:: WHAT IS EXPECTED ::
Among the lines below, copy exactly those from the one with "#87=CARTESIAN_POINT('',(6.75,0.,-0.5));" through the one with "#100=ORIENTED_EDGE('',*,*,#99,.T.);", counting both ends.

+ + + + +

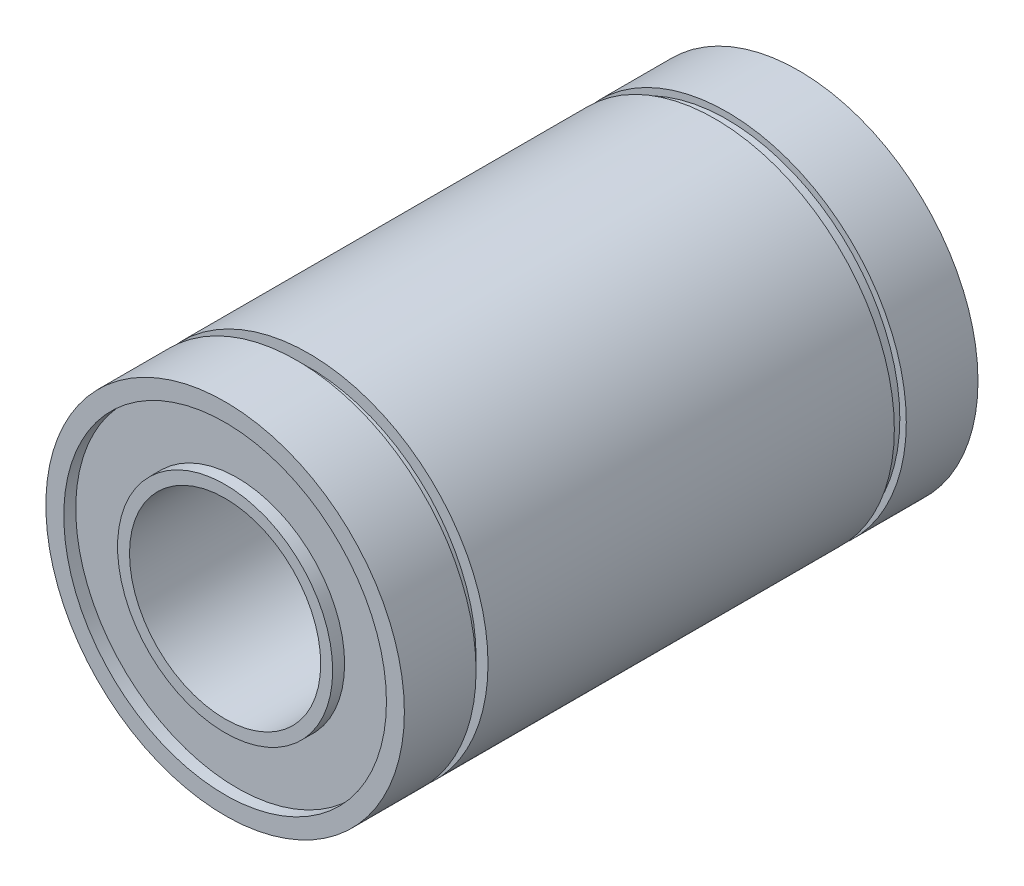
ISO-10303-21;
HEADER;
FILE_DESCRIPTION(('STEP AP214'),'2;1');
FILE_NAME('part.step','',(''),(''),'','','');
FILE_SCHEMA(('AUTOMOTIVE_DESIGN { 1 0 10303 214 1 1 1 1 }'));
ENDSEC;
DATA;
#1=APPLICATION_CONTEXT('core data for automotive mechanical design processes');
#2=APPLICATION_PROTOCOL_DEFINITION('international standard','automotive_design',2000,#1);
#3=PRODUCT_CONTEXT('',#1,'mechanical');
#4=PRODUCT('Part','Part','',(#3));
#5=PRODUCT_RELATED_PRODUCT_CATEGORY('part','',(#4));
#6=PRODUCT_DEFINITION_FORMATION('','',#4);
#7=PRODUCT_DEFINITION_CONTEXT('part definition',#1,'design');
#8=PRODUCT_DEFINITION('design','',#6,#7);
#9=PRODUCT_DEFINITION_SHAPE('','',#8);
#10=(LENGTH_UNIT() NAMED_UNIT(*) SI_UNIT(.MILLI.,.METRE.));
#11=(NAMED_UNIT(*) PLANE_ANGLE_UNIT() SI_UNIT($,.RADIAN.));
#12=(NAMED_UNIT(*) SI_UNIT($,.STERADIAN.) SOLID_ANGLE_UNIT());
#13=UNCERTAINTY_MEASURE_WITH_UNIT(LENGTH_MEASURE(1.E-05),#10,'distance_accuracy_value','');
#14=(GEOMETRIC_REPRESENTATION_CONTEXT(3) GLOBAL_UNCERTAINTY_ASSIGNED_CONTEXT((#13)) GLOBAL_UNIT_ASSIGNED_CONTEXT((#10,
#11,#12)) REPRESENTATION_CONTEXT('',''));
#15=CARTESIAN_POINT('',(0.,0.,0.));
#16=DIRECTION('',(0.,0.,1.));
#17=DIRECTION('',(1.,0.,0.));
#18=AXIS2_PLACEMENT_3D('',#15,#16,#17);
#19=CARTESIAN_POINT('',(0.,0.,0.));
#20=DIRECTION('',(0.,0.,1.));
#21=DIRECTION('',(1.,0.,0.));
#22=AXIS2_PLACEMENT_3D('',#19,#20,#21);
#23=CYLINDRICAL_SURFACE('',#22,4.);
#24=CARTESIAN_POINT('',(0.,0.,0.));
#25=DIRECTION('',(0.,0.,1.));
#26=DIRECTION('',(1.,0.,0.));
#27=AXIS2_PLACEMENT_3D('',#24,#25,#26);
#28=CIRCLE('',#27,4.);
#29=CARTESIAN_POINT('',(4.,0.,0.));
#30=VERTEX_POINT('',#29);
#31=EDGE_CURVE('E10',#30,#30,#28,.T.);
#32=ORIENTED_EDGE('',*,*,#31,.T.);
#33=EDGE_LOOP('',(#32));
#34=FACE_BOUND('',#33,.T.);
#35=CARTESIAN_POINT('',(0.,0.,-24.));
#36=DIRECTION('',(0.,0.,1.));
#37=DIRECTION('',(1.,0.,0.));
#38=AXIS2_PLACEMENT_3D('',#35,#36,#37);
#39=CIRCLE('',#38,4.);
#40=CARTESIAN_POINT('',(4.,0.,-24.));
#41=VERTEX_POINT('',#40);
#42=EDGE_CURVE('E124',#41,#41,#39,.T.);
#43=ORIENTED_EDGE('',*,*,#42,.F.);
#44=EDGE_LOOP('',(#43));
#45=FACE_BOUND('',#44,.T.);
#46=ADVANCED_FACE('F41',(#34,#45),#23,.F.);
#47=CARTESIAN_POINT('',(4.,0.,0.));
#48=DIRECTION('',(0.,0.,1.));
#49=DIRECTION('',(1.,0.,0.));
#50=AXIS2_PLACEMENT_3D('',#47,#48,#49);
#51=PLANE('',#50);
#52=CARTESIAN_POINT('',(0.,0.,0.));
#53=DIRECTION('',(0.,0.,1.));
#54=DIRECTION('',(1.,0.,0.));
#55=AXIS2_PLACEMENT_3D('',#52,#53,#54);
#56=CIRCLE('',#55,4.5);
#57=CARTESIAN_POINT('',(4.5,0.,0.));
#58=VERTEX_POINT('',#57);
#59=EDGE_CURVE('E48',#58,#58,#56,.T.);
#60=ORIENTED_EDGE('',*,*,#59,.T.);
#61=EDGE_LOOP('',(#60));
#62=FACE_BOUND('',#61,.T.);
#63=ORIENTED_EDGE('',*,*,#31,.F.);
#64=EDGE_LOOP('',(#63));
#65=FACE_BOUND('',#64,.T.);
#66=ADVANCED_FACE('F133',(#62,#65),#51,.T.);
#67=CARTESIAN_POINT('',(0.,0.,0.));
#68=DIRECTION('',(0.,0.,1.));
#69=DIRECTION('',(1.,0.,0.));
#70=AXIS2_PLACEMENT_3D('',#67,#68,#69);
#71=CYLINDRICAL_SURFACE('',#70,4.5);
#72=CARTESIAN_POINT('',(0.,0.,-0.5));
#73=DIRECTION('',(0.,0.,1.));
#74=DIRECTION('',(1.,0.,0.));
#75=AXIS2_PLACEMENT_3D('',#72,#73,#74);
#76=CIRCLE('',#75,4.5);
#77=CARTESIAN_POINT('',(4.5,0.,-0.5));
#78=VERTEX_POINT('',#77);
#79=EDGE_CURVE('E53',#78,#78,#76,.T.);
#80=ORIENTED_EDGE('',*,*,#79,.T.);
#81=EDGE_LOOP('',(#80));
#82=FACE_BOUND('',#81,.T.);
#83=ORIENTED_EDGE('',*,*,#59,.F.);
#84=EDGE_LOOP('',(#83));
#85=FACE_BOUND('',#84,.T.);
#86=ADVANCED_FACE('F137',(#82,#85),#71,.T.);
#87=CARTESIAN_POINT('',(6.75,0.,-0.5));
#88=DIRECTION('',(0.,0.,1.));
#89=DIRECTION('',(1.,0.,0.));
#90=AXIS2_PLACEMENT_3D('',#87,#88,#89);
#91=PLANE('',#90);
#92=CARTESIAN_POINT('',(0.,0.,-0.5));
#93=DIRECTION('',(0.,0.,1.));
#94=DIRECTION('',(1.,0.,0.));
#95=AXIS2_PLACEMENT_3D('',#92,#93,#94);
#96=CIRCLE('',#95,6.75);
#97=CARTESIAN_POINT('',(6.75,0.,-0.5));
#98=VERTEX_POINT('',#97);
#99=EDGE_CURVE('E58',#98,#98,#96,.T.);
#100=ORIENTED_EDGE('',*,*,#99,.T.);
#101=EDGE_LOOP('',(#100));
#102=FACE_BOUND('',#101,.T.);
#103=ORIENTED_EDGE('',*,*,#79,.F.);
#104=EDGE_LOOP('',(#103));
#105=FACE_BOUND('',#104,.T.);
#106=ADVANCED_FACE('F141',(#102,#105),#91,.T.);
#107=CARTESIAN_POINT('',(0.,0.,0.));
#108=DIRECTION('',(0.,0.,1.));
#109=DIRECTION('',(1.,0.,0.));
#110=AXIS2_PLACEMENT_3D('',#107,#108,#109);
#111=CYLINDRICAL_SURFACE('',#110,6.75);
#112=CARTESIAN_POINT('',(0.,0.,0.));
#113=DIRECTION('',(0.,0.,1.));
#114=DIRECTION('',(1.,0.,0.));
#115=AXIS2_PLACEMENT_3D('',#112,#113,#114);
#116=CIRCLE('',#115,6.75);
#117=CARTESIAN_POINT('',(6.75,0.,0.));
#118=VERTEX_POINT('',#117);
#119=EDGE_CURVE('E64',#118,#118,#116,.T.);
#120=ORIENTED_EDGE('',*,*,#119,.T.);
#121=EDGE_LOOP('',(#120));
#122=FACE_BOUND('',#121,.T.);
#123=ORIENTED_EDGE('',*,*,#99,.F.);
#124=EDGE_LOOP('',(#123));
#125=FACE_BOUND('',#124,.T.);
#126=ADVANCED_FACE('F148',(#122,#125),#111,.F.);
#127=CARTESIAN_POINT('',(6.75,0.,0.));
#128=DIRECTION('',(0.,0.,1.));
#129=DIRECTION('',(1.,0.,0.));
#130=AXIS2_PLACEMENT_3D('',#127,#128,#129);
#131=PLANE('',#130);
#132=CARTESIAN_POINT('',(0.,0.,0.));
#133=DIRECTION('',(0.,0.,1.));
#134=DIRECTION('',(1.,0.,0.));
#135=AXIS2_PLACEMENT_3D('',#132,#133,#134);
#136=CIRCLE('',#135,7.5);
#137=CARTESIAN_POINT('',(7.5,0.,0.));
#138=VERTEX_POINT('',#137);
#139=EDGE_CURVE('E68',#138,#138,#136,.T.);
#140=ORIENTED_EDGE('',*,*,#139,.T.);
#141=EDGE_LOOP('',(#140));
#142=FACE_BOUND('',#141,.T.);
#143=ORIENTED_EDGE('',*,*,#119,.F.);
#144=EDGE_LOOP('',(#143));
#145=FACE_BOUND('',#144,.T.);
#146=ADVANCED_FACE('F152',(#142,#145),#131,.T.);
#147=CARTESIAN_POINT('',(0.,0.,0.));
#148=DIRECTION('',(0.,0.,1.));
#149=DIRECTION('',(1.,0.,0.));
#150=AXIS2_PLACEMENT_3D('',#147,#148,#149);
#151=CYLINDRICAL_SURFACE('',#150,7.5);
#152=CARTESIAN_POINT('',(0.,0.,-3.));
#153=DIRECTION('',(0.,0.,1.));
#154=DIRECTION('',(1.,0.,0.));
#155=AXIS2_PLACEMENT_3D('',#152,#153,#154);
#156=CIRCLE('',#155,7.5);
#157=CARTESIAN_POINT('',(7.5,0.,-3.));
#158=VERTEX_POINT('',#157);
#159=EDGE_CURVE('E72',#158,#158,#156,.T.);
#160=ORIENTED_EDGE('',*,*,#159,.T.);
#161=EDGE_LOOP('',(#160));
#162=FACE_BOUND('',#161,.T.);
#163=ORIENTED_EDGE('',*,*,#139,.F.);
#164=EDGE_LOOP('',(#163));
#165=FACE_BOUND('',#164,.T.);
#166=ADVANCED_FACE('F156',(#162,#165),#151,.T.);
#167=CARTESIAN_POINT('',(7.5,0.,-3.));
#168=DIRECTION('',(0.,0.,-1.));
#169=DIRECTION('',(-1.,0.,0.));
#170=AXIS2_PLACEMENT_3D('',#167,#168,#169);
#171=PLANE('',#170);
#172=CARTESIAN_POINT('',(0.,0.,-3.));
#173=DIRECTION('',(0.,0.,1.));
#174=DIRECTION('',(1.,0.,0.));
#175=AXIS2_PLACEMENT_3D('',#172,#173,#174);
#176=CIRCLE('',#175,7.);
#177=CARTESIAN_POINT('',(7.,0.,-3.));
#178=VERTEX_POINT('',#177);
#179=EDGE_CURVE('E76',#178,#178,#176,.T.);
#180=ORIENTED_EDGE('',*,*,#179,.T.);
#181=EDGE_LOOP('',(#180));
#182=FACE_BOUND('',#181,.T.);
#183=ORIENTED_EDGE('',*,*,#159,.F.);
#184=EDGE_LOOP('',(#183));
#185=FACE_BOUND('',#184,.T.);
#186=ADVANCED_FACE('F160',(#182,#185),#171,.T.);
#187=CARTESIAN_POINT('',(0.,0.,0.));
#188=DIRECTION('',(0.,0.,1.));
#189=DIRECTION('',(1.,0.,0.));
#190=AXIS2_PLACEMENT_3D('',#187,#188,#189);
#191=CYLINDRICAL_SURFACE('',#190,7.);
#192=CARTESIAN_POINT('',(0.,0.,-3.5));
#193=DIRECTION('',(0.,0.,1.));
#194=DIRECTION('',(1.,0.,0.));
#195=AXIS2_PLACEMENT_3D('',#192,#193,#194);
#196=CIRCLE('',#195,7.);
#197=CARTESIAN_POINT('',(7.,0.,-3.5));
#198=VERTEX_POINT('',#197);
#199=EDGE_CURVE('E80',#198,#198,#196,.T.);
#200=ORIENTED_EDGE('',*,*,#199,.T.);
#201=EDGE_LOOP('',(#200));
#202=FACE_BOUND('',#201,.T.);
#203=ORIENTED_EDGE('',*,*,#179,.F.);
#204=EDGE_LOOP('',(#203));
#205=FACE_BOUND('',#204,.T.);
#206=ADVANCED_FACE('F164',(#202,#205),#191,.T.);
#207=CARTESIAN_POINT('',(7.,0.,-3.5));
#208=DIRECTION('',(0.,0.,1.));
#209=DIRECTION('',(1.,0.,0.));
#210=AXIS2_PLACEMENT_3D('',#207,#208,#209);
#211=PLANE('',#210);
#212=CARTESIAN_POINT('',(0.,0.,-3.5));
#213=DIRECTION('',(0.,0.,1.));
#214=DIRECTION('',(1.,0.,0.));
#215=AXIS2_PLACEMENT_3D('',#212,#213,#214);
#216=CIRCLE('',#215,7.5);
#217=CARTESIAN_POINT('',(7.5,0.,-3.5));
#218=VERTEX_POINT('',#217);
#219=EDGE_CURVE('E84',#218,#218,#216,.T.);
#220=ORIENTED_EDGE('',*,*,#219,.T.);
#221=EDGE_LOOP('',(#220));
#222=FACE_BOUND('',#221,.T.);
#223=ORIENTED_EDGE('',*,*,#199,.F.);
#224=EDGE_LOOP('',(#223));
#225=FACE_BOUND('',#224,.T.);
#226=ADVANCED_FACE('F168',(#222,#225),#211,.T.);
#227=CARTESIAN_POINT('',(0.,0.,0.));
#228=DIRECTION('',(0.,0.,1.));
#229=DIRECTION('',(1.,0.,0.));
#230=AXIS2_PLACEMENT_3D('',#227,#228,#229);
#231=CYLINDRICAL_SURFACE('',#230,7.5);
#232=CARTESIAN_POINT('',(0.,0.,-20.5));
#233=DIRECTION('',(0.,0.,1.));
#234=DIRECTION('',(1.,0.,0.));
#235=AXIS2_PLACEMENT_3D('',#232,#233,#234);
#236=CIRCLE('',#235,7.5);
#237=CARTESIAN_POINT('',(7.5,0.,-20.5));
#238=VERTEX_POINT('',#237);
#239=EDGE_CURVE('E88',#238,#238,#236,.T.);
#240=ORIENTED_EDGE('',*,*,#239,.T.);
#241=EDGE_LOOP('',(#240));
#242=FACE_BOUND('',#241,.T.);
#243=ORIENTED_EDGE('',*,*,#219,.F.);
#244=EDGE_LOOP('',(#243));
#245=FACE_BOUND('',#244,.T.);
#246=ADVANCED_FACE('F172',(#242,#245),#231,.T.);
#247=CARTESIAN_POINT('',(7.5,0.,-20.5));
#248=DIRECTION('',(0.,0.,-1.));
#249=DIRECTION('',(-1.,0.,0.));
#250=AXIS2_PLACEMENT_3D('',#247,#248,#249);
#251=PLANE('',#250);
#252=CARTESIAN_POINT('',(0.,0.,-20.5));
#253=DIRECTION('',(0.,0.,1.));
#254=DIRECTION('',(1.,0.,0.));
#255=AXIS2_PLACEMENT_3D('',#252,#253,#254);
#256=CIRCLE('',#255,7.22984405936301);
#257=CARTESIAN_POINT('',(7.22984405936301,0.,-20.5));
#258=VERTEX_POINT('',#257);
#259=EDGE_CURVE('E92',#258,#258,#256,.T.);
#260=ORIENTED_EDGE('',*,*,#259,.T.);
#261=EDGE_LOOP('',(#260));
#262=FACE_BOUND('',#261,.T.);
#263=ORIENTED_EDGE('',*,*,#239,.F.);
#264=EDGE_LOOP('',(#263));
#265=FACE_BOUND('',#264,.T.);
#266=ADVANCED_FACE('F176',(#262,#265),#251,.T.);
#267=CARTESIAN_POINT('',(0.,0.,0.));
#268=DIRECTION('',(0.,0.,1.));
#269=DIRECTION('',(1.,0.,0.));
#270=AXIS2_PLACEMENT_3D('',#267,#268,#269);
#271=CYLINDRICAL_SURFACE('',#270,7.22984405936301);
#272=CARTESIAN_POINT('',(0.,0.,-21.));
#273=DIRECTION('',(0.,0.,1.));
#274=DIRECTION('',(1.,0.,0.));
#275=AXIS2_PLACEMENT_3D('',#272,#273,#274);
#276=CIRCLE('',#275,7.22984405936301);
#277=CARTESIAN_POINT('',(7.22984405936301,0.,-21.));
#278=VERTEX_POINT('',#277);
#279=EDGE_CURVE('E96',#278,#278,#276,.T.);
#280=ORIENTED_EDGE('',*,*,#279,.T.);
#281=EDGE_LOOP('',(#280));
#282=FACE_BOUND('',#281,.T.);
#283=ORIENTED_EDGE('',*,*,#259,.F.);
#284=EDGE_LOOP('',(#283));
#285=FACE_BOUND('',#284,.T.);
#286=ADVANCED_FACE('F180',(#282,#285),#271,.T.);
#287=CARTESIAN_POINT('',(7.22984405936301,0.,-21.));
#288=DIRECTION('',(0.,0.,1.));
#289=DIRECTION('',(1.,0.,0.));
#290=AXIS2_PLACEMENT_3D('',#287,#288,#289);
#291=PLANE('',#290);
#292=CARTESIAN_POINT('',(0.,0.,-21.));
#293=DIRECTION('',(0.,0.,1.));
#294=DIRECTION('',(1.,0.,0.));
#295=AXIS2_PLACEMENT_3D('',#292,#293,#294);
#296=CIRCLE('',#295,7.5);
#297=CARTESIAN_POINT('',(7.5,0.,-21.));
#298=VERTEX_POINT('',#297);
#299=EDGE_CURVE('E100',#298,#298,#296,.T.);
#300=ORIENTED_EDGE('',*,*,#299,.T.);
#301=EDGE_LOOP('',(#300));
#302=FACE_BOUND('',#301,.T.);
#303=ORIENTED_EDGE('',*,*,#279,.F.);
#304=EDGE_LOOP('',(#303));
#305=FACE_BOUND('',#304,.T.);
#306=ADVANCED_FACE('F184',(#302,#305),#291,.T.);
#307=CARTESIAN_POINT('',(0.,0.,0.));
#308=DIRECTION('',(0.,0.,1.));
#309=DIRECTION('',(1.,0.,0.));
#310=AXIS2_PLACEMENT_3D('',#307,#308,#309);
#311=CYLINDRICAL_SURFACE('',#310,7.5);
#312=CARTESIAN_POINT('',(0.,0.,-24.));
#313=DIRECTION('',(0.,0.,1.));
#314=DIRECTION('',(1.,0.,0.));
#315=AXIS2_PLACEMENT_3D('',#312,#313,#314);
#316=CIRCLE('',#315,7.5);
#317=CARTESIAN_POINT('',(7.5,0.,-24.));
#318=VERTEX_POINT('',#317);
#319=EDGE_CURVE('E104',#318,#318,#316,.T.);
#320=ORIENTED_EDGE('',*,*,#319,.T.);
#321=EDGE_LOOP('',(#320));
#322=FACE_BOUND('',#321,.T.);
#323=ORIENTED_EDGE('',*,*,#299,.F.);
#324=EDGE_LOOP('',(#323));
#325=FACE_BOUND('',#324,.T.);
#326=ADVANCED_FACE('F188',(#322,#325),#311,.T.);
#327=CARTESIAN_POINT('',(7.5,0.,-24.));
#328=DIRECTION('',(0.,0.,-1.));
#329=DIRECTION('',(-1.,0.,0.));
#330=AXIS2_PLACEMENT_3D('',#327,#328,#329);
#331=PLANE('',#330);
#332=CARTESIAN_POINT('',(0.,0.,-24.));
#333=DIRECTION('',(0.,0.,1.));
#334=DIRECTION('',(1.,0.,0.));
#335=AXIS2_PLACEMENT_3D('',#332,#333,#334);
#336=CIRCLE('',#335,6.75);
#337=CARTESIAN_POINT('',(6.75,0.,-24.));
#338=VERTEX_POINT('',#337);
#339=EDGE_CURVE('E108',#338,#338,#336,.T.);
#340=ORIENTED_EDGE('',*,*,#339,.T.);
#341=EDGE_LOOP('',(#340));
#342=FACE_BOUND('',#341,.T.);
#343=ORIENTED_EDGE('',*,*,#319,.F.);
#344=EDGE_LOOP('',(#343));
#345=FACE_BOUND('',#344,.T.);
#346=ADVANCED_FACE('F192',(#342,#345),#331,.T.);
#347=CARTESIAN_POINT('',(0.,0.,0.));
#348=DIRECTION('',(0.,0.,1.));
#349=DIRECTION('',(1.,0.,0.));
#350=AXIS2_PLACEMENT_3D('',#347,#348,#349);
#351=CYLINDRICAL_SURFACE('',#350,6.75);
#352=CARTESIAN_POINT('',(0.,0.,-23.5));
#353=DIRECTION('',(0.,0.,1.));
#354=DIRECTION('',(1.,0.,0.));
#355=AXIS2_PLACEMENT_3D('',#352,#353,#354);
#356=CIRCLE('',#355,6.75);
#357=CARTESIAN_POINT('',(6.75,0.,-23.5));
#358=VERTEX_POINT('',#357);
#359=EDGE_CURVE('E112',#358,#358,#356,.T.);
#360=ORIENTED_EDGE('',*,*,#359,.T.);
#361=EDGE_LOOP('',(#360));
#362=FACE_BOUND('',#361,.T.);
#363=ORIENTED_EDGE('',*,*,#339,.F.);
#364=EDGE_LOOP('',(#363));
#365=FACE_BOUND('',#364,.T.);
#366=ADVANCED_FACE('F196',(#362,#365),#351,.F.);
#367=CARTESIAN_POINT('',(6.75,0.,-23.5));
#368=DIRECTION('',(0.,0.,-1.));
#369=DIRECTION('',(-1.,0.,0.));
#370=AXIS2_PLACEMENT_3D('',#367,#368,#369);
#371=PLANE('',#370);
#372=CARTESIAN_POINT('',(0.,0.,-23.5));
#373=DIRECTION('',(0.,0.,1.));
#374=DIRECTION('',(1.,0.,0.));
#375=AXIS2_PLACEMENT_3D('',#372,#373,#374);
#376=CIRCLE('',#375,4.5);
#377=CARTESIAN_POINT('',(4.5,0.,-23.5));
#378=VERTEX_POINT('',#377);
#379=EDGE_CURVE('E116',#378,#378,#376,.T.);
#380=ORIENTED_EDGE('',*,*,#379,.T.);
#381=EDGE_LOOP('',(#380));
#382=FACE_BOUND('',#381,.T.);
#383=ORIENTED_EDGE('',*,*,#359,.F.);
#384=EDGE_LOOP('',(#383));
#385=FACE_BOUND('',#384,.T.);
#386=ADVANCED_FACE('F200',(#382,#385),#371,.T.);
#387=CARTESIAN_POINT('',(0.,0.,0.));
#388=DIRECTION('',(0.,0.,1.));
#389=DIRECTION('',(1.,0.,0.));
#390=AXIS2_PLACEMENT_3D('',#387,#388,#389);
#391=CYLINDRICAL_SURFACE('',#390,4.5);
#392=CARTESIAN_POINT('',(0.,0.,-24.));
#393=DIRECTION('',(0.,0.,1.));
#394=DIRECTION('',(1.,0.,0.));
#395=AXIS2_PLACEMENT_3D('',#392,#393,#394);
#396=CIRCLE('',#395,4.5);
#397=CARTESIAN_POINT('',(4.5,0.,-24.));
#398=VERTEX_POINT('',#397);
#399=EDGE_CURVE('E120',#398,#398,#396,.T.);
#400=ORIENTED_EDGE('',*,*,#399,.T.);
#401=EDGE_LOOP('',(#400));
#402=FACE_BOUND('',#401,.T.);
#403=ORIENTED_EDGE('',*,*,#379,.F.);
#404=EDGE_LOOP('',(#403));
#405=FACE_BOUND('',#404,.T.);
#406=ADVANCED_FACE('F204',(#402,#405),#391,.T.);
#407=CARTESIAN_POINT('',(4.5,0.,-24.));
#408=DIRECTION('',(0.,0.,-1.));
#409=DIRECTION('',(-1.,0.,0.));
#410=AXIS2_PLACEMENT_3D('',#407,#408,#409);
#411=PLANE('',#410);
#412=ORIENTED_EDGE('',*,*,#42,.T.);
#413=EDGE_LOOP('',(#412));
#414=FACE_BOUND('',#413,.T.);
#415=ORIENTED_EDGE('',*,*,#399,.F.);
#416=EDGE_LOOP('',(#415));
#417=FACE_BOUND('',#416,.T.);
#418=ADVANCED_FACE('F129',(#414,#417),#411,.T.);
#419=CLOSED_SHELL('',(#46,#66,#86,#106,#126,#146,#166,#186,#206,#226,#246,#266,#286,#306,#326,
#346,#366,#386,#406,#418));
#420=MANIFOLD_SOLID_BREP('B2',#419);
#421=ADVANCED_BREP_SHAPE_REPRESENTATION('',(#18,#420),#14);
#422=SHAPE_DEFINITION_REPRESENTATION(#9,#421);
ENDSEC;
END-ISO-10303-21;

+ + + + +

:: TASK OUTPUT ::
#87=CARTESIAN_POINT('',(6.75,0.,-0.5));
#88=DIRECTION('',(0.,0.,1.));
#89=DIRECTION('',(1.,0.,0.));
#90=AXIS2_PLACEMENT_3D('',#87,#88,#89);
#91=PLANE('',#90);
#92=CARTESIAN_POINT('',(0.,0.,-0.5));
#93=DIRECTION('',(0.,0.,1.));
#94=DIRECTION('',(1.,0.,0.));
#95=AXIS2_PLACEMENT_3D('',#92,#93,#94);
#96=CIRCLE('',#95,6.75);
#97=CARTESIAN_POINT('',(6.75,0.,-0.5));
#98=VERTEX_POINT('',#97);
#99=EDGE_CURVE('E58',#98,#98,#96,.T.);
#100=ORIENTED_EDGE('',*,*,#99,.T.);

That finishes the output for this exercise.